TASK OBJECTIVE: Return all lines of the records that contain the word "normal".

___ DATA FOR THIS TASK

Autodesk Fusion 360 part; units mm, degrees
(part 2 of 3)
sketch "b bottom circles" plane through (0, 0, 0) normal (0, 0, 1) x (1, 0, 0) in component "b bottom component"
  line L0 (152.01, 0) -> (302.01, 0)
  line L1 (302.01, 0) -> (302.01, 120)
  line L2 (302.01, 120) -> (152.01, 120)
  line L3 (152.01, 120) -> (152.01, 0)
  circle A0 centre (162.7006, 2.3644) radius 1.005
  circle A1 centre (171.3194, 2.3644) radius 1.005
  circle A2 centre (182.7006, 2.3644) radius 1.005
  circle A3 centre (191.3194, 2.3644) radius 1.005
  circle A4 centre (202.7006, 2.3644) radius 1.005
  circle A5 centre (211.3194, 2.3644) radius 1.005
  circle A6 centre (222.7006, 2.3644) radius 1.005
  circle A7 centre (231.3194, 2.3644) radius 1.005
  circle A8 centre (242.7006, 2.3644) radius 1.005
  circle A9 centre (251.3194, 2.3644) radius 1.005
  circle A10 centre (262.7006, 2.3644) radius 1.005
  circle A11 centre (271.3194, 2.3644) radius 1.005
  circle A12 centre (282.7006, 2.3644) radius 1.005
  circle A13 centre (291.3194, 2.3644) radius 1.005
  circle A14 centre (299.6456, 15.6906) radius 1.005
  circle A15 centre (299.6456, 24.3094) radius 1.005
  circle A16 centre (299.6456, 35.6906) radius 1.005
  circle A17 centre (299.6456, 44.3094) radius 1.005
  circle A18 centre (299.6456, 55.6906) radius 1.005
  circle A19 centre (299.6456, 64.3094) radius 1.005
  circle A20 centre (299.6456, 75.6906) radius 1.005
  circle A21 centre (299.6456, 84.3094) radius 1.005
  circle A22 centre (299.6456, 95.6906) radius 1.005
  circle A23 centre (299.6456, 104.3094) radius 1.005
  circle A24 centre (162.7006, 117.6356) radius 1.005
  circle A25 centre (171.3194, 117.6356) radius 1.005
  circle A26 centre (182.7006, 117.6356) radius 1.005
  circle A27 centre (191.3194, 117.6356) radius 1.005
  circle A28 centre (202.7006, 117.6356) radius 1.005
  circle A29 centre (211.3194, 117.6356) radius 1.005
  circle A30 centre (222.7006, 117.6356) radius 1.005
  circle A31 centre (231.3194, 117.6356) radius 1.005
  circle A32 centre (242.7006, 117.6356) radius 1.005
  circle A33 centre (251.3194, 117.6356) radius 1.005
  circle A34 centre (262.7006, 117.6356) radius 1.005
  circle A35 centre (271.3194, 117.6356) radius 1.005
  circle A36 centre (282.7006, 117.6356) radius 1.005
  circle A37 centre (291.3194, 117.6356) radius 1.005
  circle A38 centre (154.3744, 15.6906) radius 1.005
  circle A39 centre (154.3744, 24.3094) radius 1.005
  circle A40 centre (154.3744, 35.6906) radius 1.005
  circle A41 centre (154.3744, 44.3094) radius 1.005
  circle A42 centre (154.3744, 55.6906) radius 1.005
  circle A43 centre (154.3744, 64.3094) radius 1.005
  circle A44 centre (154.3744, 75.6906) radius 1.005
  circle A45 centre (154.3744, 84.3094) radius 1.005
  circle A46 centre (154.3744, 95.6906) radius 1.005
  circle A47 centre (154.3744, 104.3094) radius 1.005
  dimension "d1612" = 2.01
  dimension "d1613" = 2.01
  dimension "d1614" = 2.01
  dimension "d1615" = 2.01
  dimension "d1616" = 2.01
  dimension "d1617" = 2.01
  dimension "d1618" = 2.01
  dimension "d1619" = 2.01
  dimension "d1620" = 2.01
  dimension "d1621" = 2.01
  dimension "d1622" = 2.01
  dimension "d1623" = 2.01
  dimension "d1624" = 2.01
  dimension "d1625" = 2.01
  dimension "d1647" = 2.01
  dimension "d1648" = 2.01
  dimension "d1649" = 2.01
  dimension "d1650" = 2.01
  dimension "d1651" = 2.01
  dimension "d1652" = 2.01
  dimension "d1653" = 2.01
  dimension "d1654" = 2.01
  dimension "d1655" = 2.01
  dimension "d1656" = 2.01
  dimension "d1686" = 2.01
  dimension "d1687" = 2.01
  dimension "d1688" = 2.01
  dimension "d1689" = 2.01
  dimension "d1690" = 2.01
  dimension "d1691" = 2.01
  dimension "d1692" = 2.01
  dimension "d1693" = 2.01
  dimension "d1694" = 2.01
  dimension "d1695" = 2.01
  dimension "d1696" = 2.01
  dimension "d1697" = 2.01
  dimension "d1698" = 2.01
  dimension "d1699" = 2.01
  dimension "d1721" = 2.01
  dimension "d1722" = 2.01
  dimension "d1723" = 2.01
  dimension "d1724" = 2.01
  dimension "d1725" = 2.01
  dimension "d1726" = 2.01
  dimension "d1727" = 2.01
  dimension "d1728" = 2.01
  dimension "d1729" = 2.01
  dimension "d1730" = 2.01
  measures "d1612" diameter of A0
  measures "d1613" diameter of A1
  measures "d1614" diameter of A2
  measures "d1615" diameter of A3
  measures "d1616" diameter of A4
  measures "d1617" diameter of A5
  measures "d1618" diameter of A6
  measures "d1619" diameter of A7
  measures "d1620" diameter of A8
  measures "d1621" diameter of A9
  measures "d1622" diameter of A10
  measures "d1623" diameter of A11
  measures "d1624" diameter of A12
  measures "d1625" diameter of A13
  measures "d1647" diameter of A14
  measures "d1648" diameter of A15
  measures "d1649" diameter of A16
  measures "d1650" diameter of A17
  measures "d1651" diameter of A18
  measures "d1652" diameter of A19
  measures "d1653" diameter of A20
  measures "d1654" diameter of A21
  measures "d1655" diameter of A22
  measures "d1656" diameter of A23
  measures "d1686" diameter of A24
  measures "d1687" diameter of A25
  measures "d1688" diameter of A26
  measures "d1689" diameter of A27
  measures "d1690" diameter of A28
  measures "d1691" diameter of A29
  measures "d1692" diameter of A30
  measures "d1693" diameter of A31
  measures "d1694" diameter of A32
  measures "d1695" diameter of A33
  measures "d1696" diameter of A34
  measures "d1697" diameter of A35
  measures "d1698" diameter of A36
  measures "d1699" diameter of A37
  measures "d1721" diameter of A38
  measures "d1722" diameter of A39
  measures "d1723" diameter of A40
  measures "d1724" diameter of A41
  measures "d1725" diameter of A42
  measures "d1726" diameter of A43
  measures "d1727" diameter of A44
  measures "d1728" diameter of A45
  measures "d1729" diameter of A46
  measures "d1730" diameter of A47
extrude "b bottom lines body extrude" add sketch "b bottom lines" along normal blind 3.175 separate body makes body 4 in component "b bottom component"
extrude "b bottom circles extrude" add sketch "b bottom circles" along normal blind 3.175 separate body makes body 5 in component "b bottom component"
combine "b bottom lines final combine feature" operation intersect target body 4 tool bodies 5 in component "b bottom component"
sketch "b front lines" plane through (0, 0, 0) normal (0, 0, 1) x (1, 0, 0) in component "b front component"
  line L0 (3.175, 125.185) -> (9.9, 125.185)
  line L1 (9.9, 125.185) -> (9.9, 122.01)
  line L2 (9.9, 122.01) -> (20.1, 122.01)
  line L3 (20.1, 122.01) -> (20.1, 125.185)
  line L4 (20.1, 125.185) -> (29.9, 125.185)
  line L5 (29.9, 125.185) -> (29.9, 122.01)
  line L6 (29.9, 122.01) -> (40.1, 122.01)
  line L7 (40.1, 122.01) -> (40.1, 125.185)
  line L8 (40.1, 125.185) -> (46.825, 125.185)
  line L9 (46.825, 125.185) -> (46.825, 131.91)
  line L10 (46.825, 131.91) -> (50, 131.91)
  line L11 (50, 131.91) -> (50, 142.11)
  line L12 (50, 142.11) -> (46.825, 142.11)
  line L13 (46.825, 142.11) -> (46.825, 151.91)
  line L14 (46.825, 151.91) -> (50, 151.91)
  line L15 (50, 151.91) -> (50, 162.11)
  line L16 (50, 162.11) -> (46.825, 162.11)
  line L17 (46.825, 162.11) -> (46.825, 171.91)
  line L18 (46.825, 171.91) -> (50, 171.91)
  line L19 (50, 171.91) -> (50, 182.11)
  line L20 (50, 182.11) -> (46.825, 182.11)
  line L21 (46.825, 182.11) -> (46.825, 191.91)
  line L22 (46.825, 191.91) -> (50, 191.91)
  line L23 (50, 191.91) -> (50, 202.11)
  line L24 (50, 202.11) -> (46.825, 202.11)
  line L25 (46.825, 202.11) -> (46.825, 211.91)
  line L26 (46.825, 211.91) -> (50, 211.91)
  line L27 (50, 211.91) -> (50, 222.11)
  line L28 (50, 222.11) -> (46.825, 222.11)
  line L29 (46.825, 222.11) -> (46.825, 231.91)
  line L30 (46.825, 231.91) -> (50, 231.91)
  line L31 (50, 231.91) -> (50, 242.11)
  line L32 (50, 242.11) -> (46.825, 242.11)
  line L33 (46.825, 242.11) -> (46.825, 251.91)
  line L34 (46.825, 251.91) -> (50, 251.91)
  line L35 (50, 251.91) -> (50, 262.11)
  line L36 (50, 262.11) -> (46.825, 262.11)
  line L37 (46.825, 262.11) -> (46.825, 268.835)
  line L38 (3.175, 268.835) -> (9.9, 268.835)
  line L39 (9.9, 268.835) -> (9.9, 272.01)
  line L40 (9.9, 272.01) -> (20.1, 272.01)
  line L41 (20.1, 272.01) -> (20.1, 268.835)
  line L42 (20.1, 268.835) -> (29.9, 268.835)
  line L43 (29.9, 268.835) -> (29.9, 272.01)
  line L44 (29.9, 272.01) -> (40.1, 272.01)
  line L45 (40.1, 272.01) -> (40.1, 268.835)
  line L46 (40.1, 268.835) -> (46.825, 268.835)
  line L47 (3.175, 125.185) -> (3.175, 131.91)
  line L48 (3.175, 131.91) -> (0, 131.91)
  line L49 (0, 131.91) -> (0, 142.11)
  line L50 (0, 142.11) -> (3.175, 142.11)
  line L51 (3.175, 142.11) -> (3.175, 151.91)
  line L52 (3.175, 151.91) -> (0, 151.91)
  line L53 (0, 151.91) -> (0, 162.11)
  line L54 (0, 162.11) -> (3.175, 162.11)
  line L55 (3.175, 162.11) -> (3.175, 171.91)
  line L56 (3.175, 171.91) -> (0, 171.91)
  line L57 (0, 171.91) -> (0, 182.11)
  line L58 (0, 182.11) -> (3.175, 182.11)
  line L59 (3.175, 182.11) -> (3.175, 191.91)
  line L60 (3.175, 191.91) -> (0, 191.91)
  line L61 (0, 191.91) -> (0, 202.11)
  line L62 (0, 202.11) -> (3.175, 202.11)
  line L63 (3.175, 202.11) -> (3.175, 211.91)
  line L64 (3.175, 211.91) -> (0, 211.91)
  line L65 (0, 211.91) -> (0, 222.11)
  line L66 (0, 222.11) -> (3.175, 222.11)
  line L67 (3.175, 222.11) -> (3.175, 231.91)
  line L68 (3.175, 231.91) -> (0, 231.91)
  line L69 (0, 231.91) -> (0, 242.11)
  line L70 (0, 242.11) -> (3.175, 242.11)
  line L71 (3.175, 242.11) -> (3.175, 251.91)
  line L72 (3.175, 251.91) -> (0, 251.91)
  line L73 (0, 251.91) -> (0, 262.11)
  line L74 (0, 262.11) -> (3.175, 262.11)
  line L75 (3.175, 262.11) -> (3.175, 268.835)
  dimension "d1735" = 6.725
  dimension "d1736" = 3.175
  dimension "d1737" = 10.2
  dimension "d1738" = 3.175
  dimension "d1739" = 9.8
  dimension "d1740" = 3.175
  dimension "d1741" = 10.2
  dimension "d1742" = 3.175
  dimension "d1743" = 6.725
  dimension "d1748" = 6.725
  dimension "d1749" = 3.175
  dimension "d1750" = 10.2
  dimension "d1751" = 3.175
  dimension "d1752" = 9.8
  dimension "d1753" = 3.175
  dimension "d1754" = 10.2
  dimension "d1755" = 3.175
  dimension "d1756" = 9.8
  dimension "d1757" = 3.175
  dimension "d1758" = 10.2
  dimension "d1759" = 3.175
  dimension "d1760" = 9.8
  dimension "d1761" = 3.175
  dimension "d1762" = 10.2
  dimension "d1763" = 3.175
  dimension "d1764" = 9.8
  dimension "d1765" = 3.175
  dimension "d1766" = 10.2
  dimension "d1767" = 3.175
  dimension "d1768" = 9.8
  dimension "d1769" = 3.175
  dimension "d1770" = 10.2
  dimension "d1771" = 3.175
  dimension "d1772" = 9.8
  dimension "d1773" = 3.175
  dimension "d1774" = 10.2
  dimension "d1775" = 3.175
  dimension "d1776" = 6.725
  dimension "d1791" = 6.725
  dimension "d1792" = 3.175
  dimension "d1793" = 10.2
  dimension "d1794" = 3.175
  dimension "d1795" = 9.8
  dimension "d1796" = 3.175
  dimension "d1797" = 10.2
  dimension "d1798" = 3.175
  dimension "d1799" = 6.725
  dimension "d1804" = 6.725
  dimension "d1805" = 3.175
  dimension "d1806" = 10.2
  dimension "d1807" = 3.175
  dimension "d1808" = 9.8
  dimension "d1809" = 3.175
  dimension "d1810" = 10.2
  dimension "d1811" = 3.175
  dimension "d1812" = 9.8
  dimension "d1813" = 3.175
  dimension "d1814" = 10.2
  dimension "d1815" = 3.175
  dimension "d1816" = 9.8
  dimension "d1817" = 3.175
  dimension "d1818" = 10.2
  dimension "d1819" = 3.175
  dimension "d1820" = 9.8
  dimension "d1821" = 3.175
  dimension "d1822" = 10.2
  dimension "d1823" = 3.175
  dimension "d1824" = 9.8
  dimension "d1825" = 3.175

______

EXPECTED ANSWER:
sketch "b bottom circles" plane through (0, 0, 0) normal (0, 0, 1) x (1, 0, 0) in component "b bottom component"
extrude "b bottom lines body extrude" add sketch "b bottom lines" along normal blind 3.175 separate body makes body 4 in component "b bottom component"
extrude "b bottom circles extrude" add sketch "b bottom circles" along normal blind 3.175 separate body makes body 5 in component "b bottom component"
sketch "b front lines" plane through (0, 0, 0) normal (0, 0, 1) x (1, 0, 0) in component "b front component"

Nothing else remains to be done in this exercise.